- Associated Press - Monday, December 12, 2016

DES MOINES, Iowa (AP) - It may be weeks or even months before Gov. Terry Branstad’s nearly 22-year tenure leading Iowa ends.

President-elect Donald Trump selected Branstad as ambassador to China, but the governor told reporters Monday that he hasn’t received paperwork to begin the Senate confirmation process, and it could take several weeks for his nomination to be reviewed. Branstad plans to remain governor until he’s confirmed as ambassador.

Branstad did not try to estimate when that could happen, but he pointed out that the process for some previous appointments to the post took months.

“Your guess … is as good as mine,” he said.

The lack of clarity means it could be some time before Lt. Gov. Kim Reynolds becomes governor. Reynolds appeared unfazed by the likelihood that Branstad could remain leader during a key time in Iowa’s government. Republicans will take control of both the Senate and House next legislative session, and whoever serves as governor will have the opportunity to make sweeping changes in state policy.

Reynolds, 57, who is expected to appoint a new lieutenant governor while keeping Branstad’s government appointments, said she and Branstad have been a team during their six years together.

“The reality is that we’re really not going to do anything different,” she said.

Branstad, 70, is in the midst of his sixth nonconsecutive term as governor. He is the country’s longest serving governor.

Several staples of the first weeks of a new legislative session will go on as planned, Branstad said. He will make budget recommendations to the Legislature and he will deliver a key speech to lawmakers known as the Condition of the State address.
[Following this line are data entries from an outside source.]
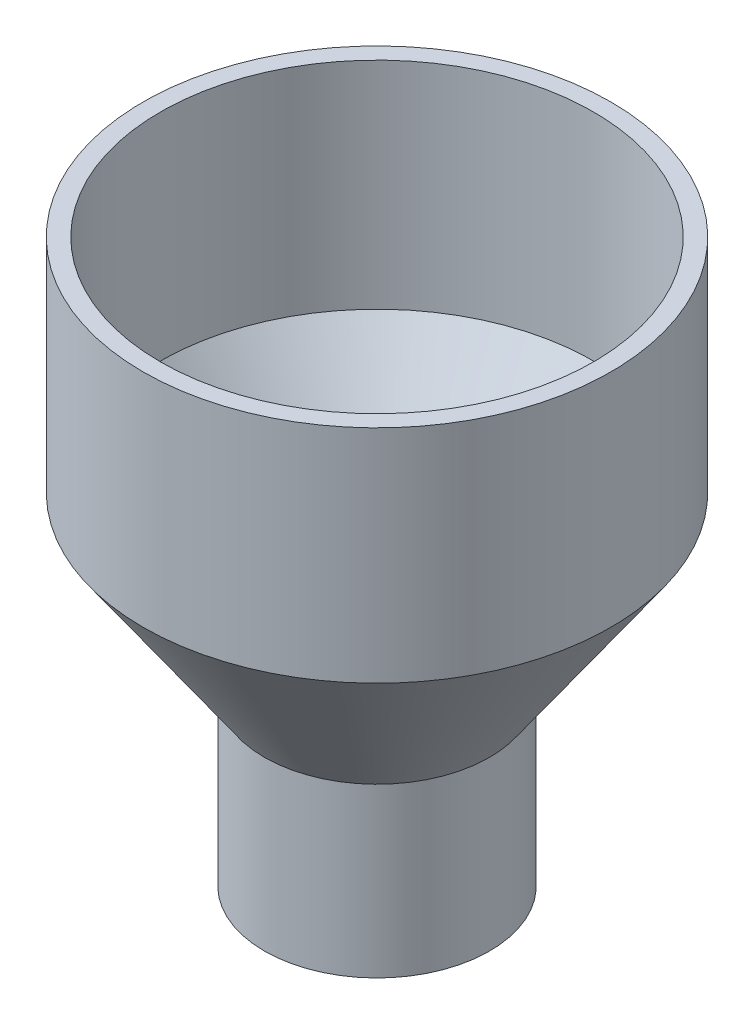
ISO-10303-21;
HEADER;
FILE_DESCRIPTION(('STEP AP214'),'2;1');
FILE_NAME('part.step','',(''),(''),'','','');
FILE_SCHEMA(('AUTOMOTIVE_DESIGN { 1 0 10303 214 1 1 1 1 }'));
ENDSEC;
DATA;
#1=APPLICATION_CONTEXT('core data for automotive mechanical design processes');
#2=APPLICATION_PROTOCOL_DEFINITION('international standard','automotive_design',2000,#1);
#3=PRODUCT_CONTEXT('',#1,'mechanical');
#4=PRODUCT('Part','Part','',(#3));
#5=PRODUCT_RELATED_PRODUCT_CATEGORY('part','',(#4));
#6=PRODUCT_DEFINITION_FORMATION('','',#4);
#7=PRODUCT_DEFINITION_CONTEXT('part definition',#1,'design');
#8=PRODUCT_DEFINITION('design','',#6,#7);
#9=PRODUCT_DEFINITION_SHAPE('','',#8);
#10=(LENGTH_UNIT() NAMED_UNIT(*) SI_UNIT(.MILLI.,.METRE.));
#11=(NAMED_UNIT(*) PLANE_ANGLE_UNIT() SI_UNIT($,.RADIAN.));
#12=(NAMED_UNIT(*) SI_UNIT($,.STERADIAN.) SOLID_ANGLE_UNIT());
#13=UNCERTAINTY_MEASURE_WITH_UNIT(LENGTH_MEASURE(1.E-05),#10,'distance_accuracy_value','');
#14=(GEOMETRIC_REPRESENTATION_CONTEXT(3) GLOBAL_UNCERTAINTY_ASSIGNED_CONTEXT((#13)) GLOBAL_UNIT_ASSIGNED_CONTEXT((#10,
#11,#12)) REPRESENTATION_CONTEXT('',''));
#15=CARTESIAN_POINT('',(0.,0.,0.));
#16=DIRECTION('',(0.,0.,1.));
#17=DIRECTION('',(1.,0.,0.));
#18=AXIS2_PLACEMENT_3D('',#15,#16,#17);
#19=CARTESIAN_POINT('',(0.,0.,0.));
#20=DIRECTION('',(0.,1.,0.));
#21=DIRECTION('',(0.,0.,1.));
#22=AXIS2_PLACEMENT_3D('',#19,#20,#21);
#23=PLANE('',#22);
#24=CARTESIAN_POINT('',(0.,0.,0.));
#25=DIRECTION('',(0.,1.,0.));
#26=DIRECTION('',(0.,0.,1.));
#27=AXIS2_PLACEMENT_3D('',#24,#25,#26);
#28=CIRCLE('',#27,13.);
#29=CARTESIAN_POINT('',(0.,0.,13.));
#30=VERTEX_POINT('',#29);
#31=EDGE_CURVE('E62',#30,#30,#28,.T.);
#32=ORIENTED_EDGE('',*,*,#31,.F.);
#33=EDGE_LOOP('',(#32));
#34=FACE_BOUND('',#33,.T.);
#35=CARTESIAN_POINT('',(0.,0.,0.));
#36=DIRECTION('',(0.,1.,0.));
#37=DIRECTION('',(0.,0.,1.));
#38=AXIS2_PLACEMENT_3D('',#35,#36,#37);
#39=CIRCLE('',#38,11.);
#40=CARTESIAN_POINT('',(0.,0.,11.));
#41=VERTEX_POINT('',#40);
#42=EDGE_CURVE('E10',#41,#41,#39,.T.);
#43=ORIENTED_EDGE('',*,*,#42,.T.);
#44=EDGE_LOOP('',(#43));
#45=FACE_BOUND('',#44,.T.);
#46=ADVANCED_FACE('F34',(#34,#45),#23,.F.);
#47=CARTESIAN_POINT('',(0.,64.9051279390045,0.));
#48=DIRECTION('',(0.,1.,0.));
#49=DIRECTION('',(0.,0.,1.));
#50=AXIS2_PLACEMENT_3D('',#47,#48,#49);
#51=CYLINDRICAL_SURFACE('',#50,11.);
#52=CARTESIAN_POINT('',(0.,20.,0.));
#53=DIRECTION('',(0.,1.,0.));
#54=DIRECTION('',(0.,0.,1.));
#55=AXIS2_PLACEMENT_3D('',#52,#53,#54);
#56=CIRCLE('',#55,11.);
#57=CARTESIAN_POINT('',(0.,20.,11.));
#58=VERTEX_POINT('',#57);
#59=EDGE_CURVE('E40',#58,#58,#56,.T.);
#60=ORIENTED_EDGE('',*,*,#59,.T.);
#61=EDGE_LOOP('',(#60));
#62=FACE_BOUND('',#61,.T.);
#63=ORIENTED_EDGE('',*,*,#42,.F.);
#64=EDGE_LOOP('',(#63));
#65=FACE_BOUND('',#64,.T.);
#66=ADVANCED_FACE('F69',(#62,#65),#51,.F.);
#67=CARTESIAN_POINT('',(0.,40.,0.));
#68=DIRECTION('',(0.,1.,0.));
#69=DIRECTION('',(0.,0.,1.));
#70=AXIS2_PLACEMENT_3D('',#67,#68,#69);
#71=CONICAL_SURFACE('',#70,25.,0.610725964389209);
#72=ORIENTED_EDGE('',*,*,#59,.F.);
#73=EDGE_LOOP('',(#72));
#74=FACE_BOUND('',#73,.T.);
#75=CARTESIAN_POINT('',(0.,40.,0.));
#76=DIRECTION('',(0.,1.,0.));
#77=DIRECTION('',(0.,0.,1.));
#78=AXIS2_PLACEMENT_3D('',#75,#76,#77);
#79=CIRCLE('',#78,25.);
#80=CARTESIAN_POINT('',(0.,40.,25.));
#81=VERTEX_POINT('',#80);
#82=EDGE_CURVE('E44',#81,#81,#79,.T.);
#83=ORIENTED_EDGE('',*,*,#82,.T.);
#84=EDGE_LOOP('',(#83));
#85=FACE_BOUND('',#84,.T.);
#86=ADVANCED_FACE('F73',(#74,#85),#71,.F.);
#87=CARTESIAN_POINT('',(0.,64.9051279390045,0.));
#88=DIRECTION('',(0.,1.,0.));
#89=DIRECTION('',(0.,0.,1.));
#90=AXIS2_PLACEMENT_3D('',#87,#88,#89);
#91=CYLINDRICAL_SURFACE('',#90,25.);
#92=CARTESIAN_POINT('',(0.,64.9051279390045,0.));
#93=DIRECTION('',(0.,1.,0.));
#94=DIRECTION('',(0.,0.,1.));
#95=AXIS2_PLACEMENT_3D('',#92,#93,#94);
#96=CIRCLE('',#95,25.);
#97=CARTESIAN_POINT('',(0.,64.9051279390045,25.));
#98=VERTEX_POINT('',#97);
#99=EDGE_CURVE('E48',#98,#98,#96,.T.);
#100=ORIENTED_EDGE('',*,*,#99,.T.);
#101=EDGE_LOOP('',(#100));
#102=FACE_BOUND('',#101,.T.);
#103=ORIENTED_EDGE('',*,*,#82,.F.);
#104=EDGE_LOOP('',(#103));
#105=FACE_BOUND('',#104,.T.);
#106=ADVANCED_FACE('F77',(#102,#105),#91,.F.);
#107=CARTESIAN_POINT('',(0.,64.9051279390045,0.));
#108=DIRECTION('',(0.,-1.,0.));
#109=DIRECTION('',(0.,0.,-1.));
#110=AXIS2_PLACEMENT_3D('',#107,#108,#109);
#111=PLANE('',#110);
#112=ORIENTED_EDGE('',*,*,#99,.F.);
#113=EDGE_LOOP('',(#112));
#114=FACE_BOUND('',#113,.T.);
#115=CARTESIAN_POINT('',(0.,64.9051279390045,0.));
#116=DIRECTION('',(0.,1.,0.));
#117=DIRECTION('',(0.,0.,1.));
#118=AXIS2_PLACEMENT_3D('',#115,#116,#117);
#119=CIRCLE('',#118,27.);
#120=CARTESIAN_POINT('',(0.,64.9051279390045,27.));
#121=VERTEX_POINT('',#120);
#122=EDGE_CURVE('E53',#121,#121,#119,.T.);
#123=ORIENTED_EDGE('',*,*,#122,.T.);
#124=EDGE_LOOP('',(#123));
#125=FACE_BOUND('',#124,.T.);
#126=ADVANCED_FACE('F84',(#114,#125),#111,.F.);
#127=CARTESIAN_POINT('',(0.,64.9051279390045,0.));
#128=DIRECTION('',(0.,1.,0.));
#129=DIRECTION('',(0.,0.,1.));
#130=AXIS2_PLACEMENT_3D('',#127,#128,#129);
#131=CYLINDRICAL_SURFACE('',#130,27.);
#132=ORIENTED_EDGE('',*,*,#122,.F.);
#133=EDGE_LOOP('',(#132));
#134=FACE_BOUND('',#133,.T.);
#135=CARTESIAN_POINT('',(0.,39.3695555383618,0.));
#136=DIRECTION('',(0.,1.,0.));
#137=DIRECTION('',(0.,0.,1.));
#138=AXIS2_PLACEMENT_3D('',#135,#136,#137);
#139=CIRCLE('',#138,27.);
#140=CARTESIAN_POINT('',(0.,39.3695555383618,27.));
#141=VERTEX_POINT('',#140);
#142=EDGE_CURVE('E56',#141,#141,#139,.T.);
#143=ORIENTED_EDGE('',*,*,#142,.T.);
#144=EDGE_LOOP('',(#143));
#145=FACE_BOUND('',#144,.T.);
#146=ADVANCED_FACE('F88',(#134,#145),#131,.T.);
#147=CARTESIAN_POINT('',(0.,39.3695555383618,0.));
#148=DIRECTION('',(0.,1.,0.));
#149=DIRECTION('',(0.,0.,1.));
#150=AXIS2_PLACEMENT_3D('',#147,#148,#149);
#151=CONICAL_SURFACE('',#150,27.,0.610725964389209);
#152=CARTESIAN_POINT('',(0.,19.3695555383618,0.));
#153=DIRECTION('',(0.,1.,0.));
#154=DIRECTION('',(0.,0.,1.));
#155=AXIS2_PLACEMENT_3D('',#152,#153,#154);
#156=CIRCLE('',#155,13.);
#157=CARTESIAN_POINT('',(0.,19.3695555383618,13.));
#158=VERTEX_POINT('',#157);
#159=EDGE_CURVE('E59',#158,#158,#156,.T.);
#160=ORIENTED_EDGE('',*,*,#159,.T.);
#161=EDGE_LOOP('',(#160));
#162=FACE_BOUND('',#161,.T.);
#163=ORIENTED_EDGE('',*,*,#142,.F.);
#164=EDGE_LOOP('',(#163));
#165=FACE_BOUND('',#164,.T.);
#166=ADVANCED_FACE('F92',(#162,#165),#151,.T.);
#167=CARTESIAN_POINT('',(0.,64.9051279390045,0.));
#168=DIRECTION('',(0.,1.,0.));
#169=DIRECTION('',(0.,0.,1.));
#170=AXIS2_PLACEMENT_3D('',#167,#168,#169);
#171=CYLINDRICAL_SURFACE('',#170,13.);
#172=ORIENTED_EDGE('',*,*,#159,.F.);
#173=EDGE_LOOP('',(#172));
#174=FACE_BOUND('',#173,.T.);
#175=ORIENTED_EDGE('',*,*,#31,.T.);
#176=EDGE_LOOP('',(#175));
#177=FACE_BOUND('',#176,.T.);
#178=ADVANCED_FACE('F66',(#174,#177),#171,.T.);
#179=CLOSED_SHELL('',(#46,#66,#86,#106,#126,#146,#166,#178));
#180=MANIFOLD_SOLID_BREP('B2',#179);
#181=ADVANCED_BREP_SHAPE_REPRESENTATION('',(#18,#180),#14);
#182=SHAPE_DEFINITION_REPRESENTATION(#9,#181);
ENDSEC;
END-ISO-10303-21;
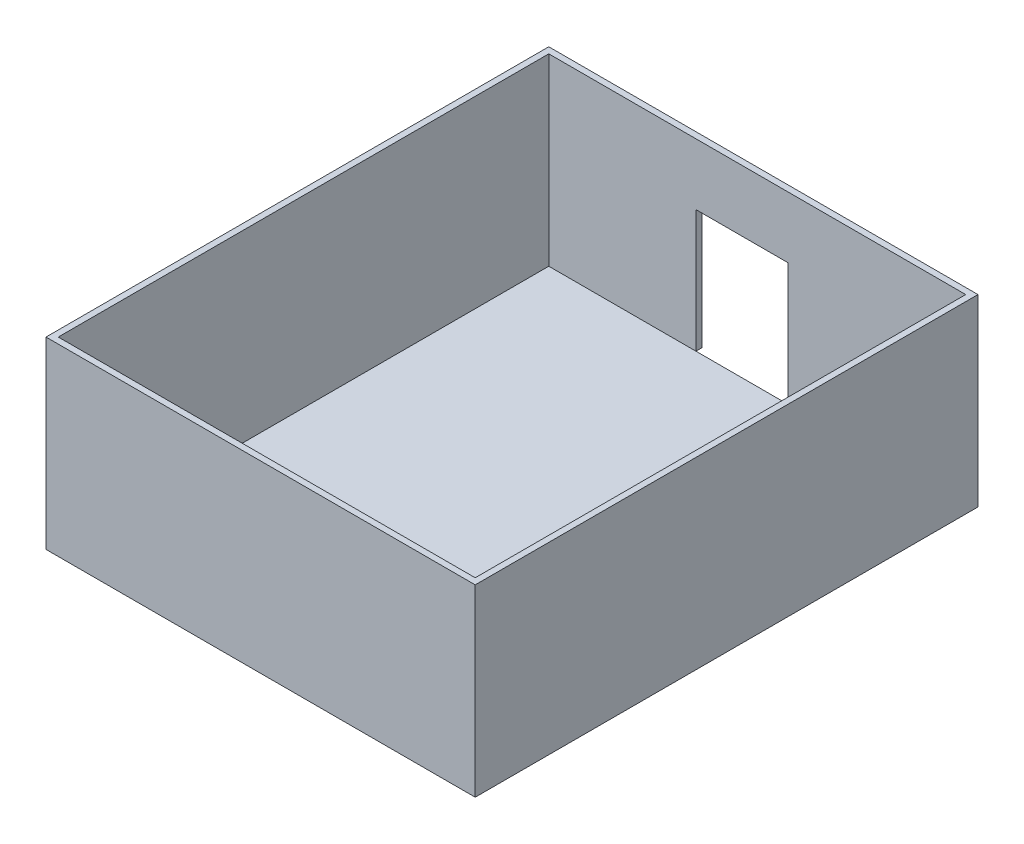
ISO-10303-21;
HEADER;
FILE_DESCRIPTION(('STEP AP214'),'2;1');
FILE_NAME('part.step','',(''),(''),'','','');
FILE_SCHEMA(('AUTOMOTIVE_DESIGN { 1 0 10303 214 1 1 1 1 }'));
ENDSEC;
DATA;
#1=APPLICATION_CONTEXT('core data for automotive mechanical design processes');
#2=APPLICATION_PROTOCOL_DEFINITION('international standard','automotive_design',2000,#1);
#3=PRODUCT_CONTEXT('',#1,'mechanical');
#4=PRODUCT('Part','Part','',(#3));
#5=PRODUCT_RELATED_PRODUCT_CATEGORY('part','',(#4));
#6=PRODUCT_DEFINITION_FORMATION('','',#4);
#7=PRODUCT_DEFINITION_CONTEXT('part definition',#1,'design');
#8=PRODUCT_DEFINITION('design','',#6,#7);
#9=PRODUCT_DEFINITION_SHAPE('','',#8);
#10=(LENGTH_UNIT() NAMED_UNIT(*) SI_UNIT(.MILLI.,.METRE.));
#11=(NAMED_UNIT(*) PLANE_ANGLE_UNIT() SI_UNIT($,.RADIAN.));
#12=(NAMED_UNIT(*) SI_UNIT($,.STERADIAN.) SOLID_ANGLE_UNIT());
#13=UNCERTAINTY_MEASURE_WITH_UNIT(LENGTH_MEASURE(1.E-05),#10,'distance_accuracy_value','');
#14=(GEOMETRIC_REPRESENTATION_CONTEXT(3) GLOBAL_UNCERTAINTY_ASSIGNED_CONTEXT((#13)) GLOBAL_UNIT_ASSIGNED_CONTEXT((#10,
#11,#12)) REPRESENTATION_CONTEXT('',''));
#15=CARTESIAN_POINT('',(0.,0.,0.));
#16=DIRECTION('',(0.,0.,1.));
#17=DIRECTION('',(1.,0.,0.));
#18=AXIS2_PLACEMENT_3D('',#15,#16,#17);
#19=CARTESIAN_POINT('',(0.,3010.,0.));
#20=DIRECTION('',(0.,1.,0.));
#21=DIRECTION('',(0.,0.,1.));
#22=AXIS2_PLACEMENT_3D('',#19,#20,#21);
#23=PLANE('',#22);
#24=DIRECTION('',(1.,0.,0.));
#25=VECTOR('',#24,1.);
#26=CARTESIAN_POINT('',(-6900.,3010.,99.9999999999999));
#27=LINE('',#26,#25);
#28=CARTESIAN_POINT('',(-6900.,3010.,99.9999999999999));
#29=VERTEX_POINT('',#28);
#30=CARTESIAN_POINT('',(100.,3010.,100.));
#31=VERTEX_POINT('',#30);
#32=EDGE_CURVE('E295',#29,#31,#27,.T.);
#33=ORIENTED_EDGE('',*,*,#32,.T.);
#34=DIRECTION('',(0.,0.,-1.));
#35=VECTOR('',#34,1.);
#36=CARTESIAN_POINT('',(100.,3010.,100.));
#37=LINE('',#36,#35);
#38=CARTESIAN_POINT('',(100.,3010.,-8100.));
#39=VERTEX_POINT('',#38);
#40=EDGE_CURVE('E299',#31,#39,#37,.T.);
#41=ORIENTED_EDGE('',*,*,#40,.T.);
#42=DIRECTION('',(-1.,0.,0.));
#43=VECTOR('',#42,1.);
#44=CARTESIAN_POINT('',(100.,3010.,-8100.));
#45=LINE('',#44,#43);
#46=CARTESIAN_POINT('',(-6900.,3010.,-8100.));
#47=VERTEX_POINT('',#46);
#48=EDGE_CURVE('E303',#39,#47,#45,.T.);
#49=ORIENTED_EDGE('',*,*,#48,.T.);
#50=DIRECTION('',(0.,0.,1.));
#51=VECTOR('',#50,1.);
#52=CARTESIAN_POINT('',(-6900.,3010.,-8100.));
#53=LINE('',#52,#51);
#54=EDGE_CURVE('E306',#47,#29,#53,.T.);
#55=ORIENTED_EDGE('',*,*,#54,.T.);
#56=EDGE_LOOP('',(#33,#41,#49,#55));
#57=FACE_BOUND('',#56,.T.);
#58=DIRECTION('',(0.,0.,-1.));
#59=VECTOR('',#58,1.);
#60=CARTESIAN_POINT('',(0.,3010.,0.));
#61=LINE('',#60,#59);
#62=CARTESIAN_POINT('',(0.,3010.,0.));
#63=VERTEX_POINT('',#62);
#64=CARTESIAN_POINT('',(3.90278794648645E-13,3010.,-8000.));
#65=VERTEX_POINT('',#64);
#66=EDGE_CURVE('E251',#63,#65,#61,.T.);
#67=ORIENTED_EDGE('',*,*,#66,.F.);
#68=DIRECTION('',(1.,0.,0.));
#69=VECTOR('',#68,1.);
#70=CARTESIAN_POINT('',(-6800.,3010.,9.79717439317883E-13));
#71=LINE('',#70,#69);
#72=CARTESIAN_POINT('',(-6800.,3010.,9.79717439317883E-13));
#73=VERTEX_POINT('',#72);
#74=EDGE_CURVE('E248',#73,#63,#71,.T.);
#75=ORIENTED_EDGE('',*,*,#74,.F.);
#76=DIRECTION('',(0.,0.,1.));
#77=VECTOR('',#76,1.);
#78=CARTESIAN_POINT('',(-6800.,3010.,-8000.));
#79=LINE('',#78,#77);
#80=CARTESIAN_POINT('',(-6800.,3010.,-8000.));
#81=VERTEX_POINT('',#80);
#82=EDGE_CURVE('E259',#81,#73,#79,.T.);
#83=ORIENTED_EDGE('',*,*,#82,.F.);
#84=DIRECTION('',(-1.,0.,0.));
#85=VECTOR('',#84,1.);
#86=CARTESIAN_POINT('',(3.90278794648645E-13,3010.,-8000.));
#87=LINE('',#86,#85);
#88=EDGE_CURVE('E255',#65,#81,#87,.T.);
#89=ORIENTED_EDGE('',*,*,#88,.F.);
#90=EDGE_LOOP('',(#67,#75,#83,#89));
#91=FACE_BOUND('',#90,.T.);
#92=ADVANCED_FACE('F53',(#57,#91),#23,.T.);
#93=CARTESIAN_POINT('',(0.,10.,0.));
#94=DIRECTION('',(0.,1.,0.));
#95=DIRECTION('',(0.,0.,1.));
#96=AXIS2_PLACEMENT_3D('',#93,#94,#95);
#97=PLANE('',#96);
#98=DIRECTION('',(0.,0.,-1.));
#99=VECTOR('',#98,1.);
#100=CARTESIAN_POINT('',(0.,10.,0.));
#101=LINE('',#100,#99);
#102=CARTESIAN_POINT('',(0.,10.,0.));
#103=VERTEX_POINT('',#102);
#104=CARTESIAN_POINT('',(0.,10.,-1400.));
#105=VERTEX_POINT('',#104);
#106=EDGE_CURVE('E267',#103,#105,#101,.T.);
#107=ORIENTED_EDGE('',*,*,#106,.T.);
#108=DIRECTION('',(-1.,0.,0.));
#109=VECTOR('',#108,1.);
#110=CARTESIAN_POINT('',(10.0000000000001,10.,-1400.));
#111=LINE('',#110,#109);
#112=CARTESIAN_POINT('',(10.0000000000001,10.,-1400.));
#113=VERTEX_POINT('',#112);
#114=EDGE_CURVE('E204',#113,#105,#111,.T.);
#115=ORIENTED_EDGE('',*,*,#114,.F.);
#116=DIRECTION('',(0.,0.,1.));
#117=VECTOR('',#116,1.);
#118=CARTESIAN_POINT('',(10.0000000000001,10.,-1400.));
#119=LINE('',#118,#117);
#120=CARTESIAN_POINT('',(10.0000000000001,9.9999999999999,-2200.));
#121=VERTEX_POINT('',#120);
#122=EDGE_CURVE('E175',#121,#113,#119,.T.);
#123=ORIENTED_EDGE('',*,*,#122,.F.);
#124=DIRECTION('',(-1.,0.,0.));
#125=VECTOR('',#124,1.);
#126=CARTESIAN_POINT('',(10.0000000000001,9.9999999999999,-2200.));
#127=LINE('',#126,#125);
#128=CARTESIAN_POINT('',(1.07326668528377E-13,9.9999999999999,-2200.));
#129=VERTEX_POINT('',#128);
#130=EDGE_CURVE('E208',#121,#129,#127,.T.);
#131=ORIENTED_EDGE('',*,*,#130,.T.);
#132=CARTESIAN_POINT('',(3.90278794648645E-13,10.,-8000.));
#133=VERTEX_POINT('',#132);
#134=EDGE_CURVE('E266',#129,#133,#101,.T.);
#135=ORIENTED_EDGE('',*,*,#134,.T.);
#136=DIRECTION('',(-1.,0.,0.));
#137=VECTOR('',#136,1.);
#138=CARTESIAN_POINT('',(3.90278794648645E-13,10.,-8000.));
#139=LINE('',#138,#137);
#140=CARTESIAN_POINT('',(-2900.,10.0000000000001,-8000.));
#141=VERTEX_POINT('',#140);
#142=EDGE_CURVE('E272',#133,#141,#139,.T.);
#143=ORIENTED_EDGE('',*,*,#142,.T.);
#144=DIRECTION('',(0.,0.,-1.));
#145=VECTOR('',#144,1.);
#146=CARTESIAN_POINT('',(-2900.,10.0000000000001,-8000.));
#147=LINE('',#146,#145);
#148=CARTESIAN_POINT('',(-2900.,10.0000000000001,-8100.));
#149=VERTEX_POINT('',#148);
#150=EDGE_CURVE('E239',#141,#149,#147,.T.);
#151=ORIENTED_EDGE('',*,*,#150,.T.);
#152=DIRECTION('',(-1.,0.,0.));
#153=VECTOR('',#152,1.);
#154=CARTESIAN_POINT('',(100.,10.,-8100.));
#155=LINE('',#154,#153);
#156=CARTESIAN_POINT('',(100.,10.,-8100.));
#157=VERTEX_POINT('',#156);
#158=EDGE_CURVE('E317',#157,#149,#155,.T.);
#159=ORIENTED_EDGE('',*,*,#158,.F.);
#160=DIRECTION('',(0.,0.,-1.));
#161=VECTOR('',#160,1.);
#162=CARTESIAN_POINT('',(100.,10.,100.));
#163=LINE('',#162,#161);
#164=CARTESIAN_POINT('',(100.,10.,100.));
#165=VERTEX_POINT('',#164);
#166=EDGE_CURVE('E313',#165,#157,#163,.T.);
#167=ORIENTED_EDGE('',*,*,#166,.F.);
#168=DIRECTION('',(1.,0.,0.));
#169=VECTOR('',#168,1.);
#170=CARTESIAN_POINT('',(-6900.,10.,99.9999999999999));
#171=LINE('',#170,#169);
#172=CARTESIAN_POINT('',(-6900.,10.,99.9999999999999));
#173=VERTEX_POINT('',#172);
#174=EDGE_CURVE('E294',#173,#165,#171,.T.);
#175=ORIENTED_EDGE('',*,*,#174,.F.);
#176=DIRECTION('',(0.,0.,1.));
#177=VECTOR('',#176,1.);
#178=CARTESIAN_POINT('',(-6900.,10.,-8100.));
#179=LINE('',#178,#177);
#180=CARTESIAN_POINT('',(-6900.,10.,-8100.));
#181=VERTEX_POINT('',#180);
#182=EDGE_CURVE('E300',#181,#173,#179,.T.);
#183=ORIENTED_EDGE('',*,*,#182,.F.);
#184=CARTESIAN_POINT('',(-4400.,10.,-8100.));
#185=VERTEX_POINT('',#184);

The next legislative session is scheduled to begin on Jan. 9. There is no official adjournment date, though lawmakers will stop receiving expense reimbursements after 110 days. That date will be in late April, though Branstad’s spokesman noted that lawmakers could finish their work sooner than that.

When asked whether he could be governor for the entire legislative session, Branstad said, “It depends upon how long the session goes.”

Sen. Rob Hogg of Cedar Rapids, the Senate Democratic minority leader, said on Friday he looked forward to Reynolds’ governorship given her stint as a state lawmaker between 2009 and 2010. Hogg said he didn’t feel Branstad’s confirmation should take a lot of time given his future key role with China.

“That’s a pretty important position,” Hogg said. “I don’t see any reason why the United States Senate would delay on that.”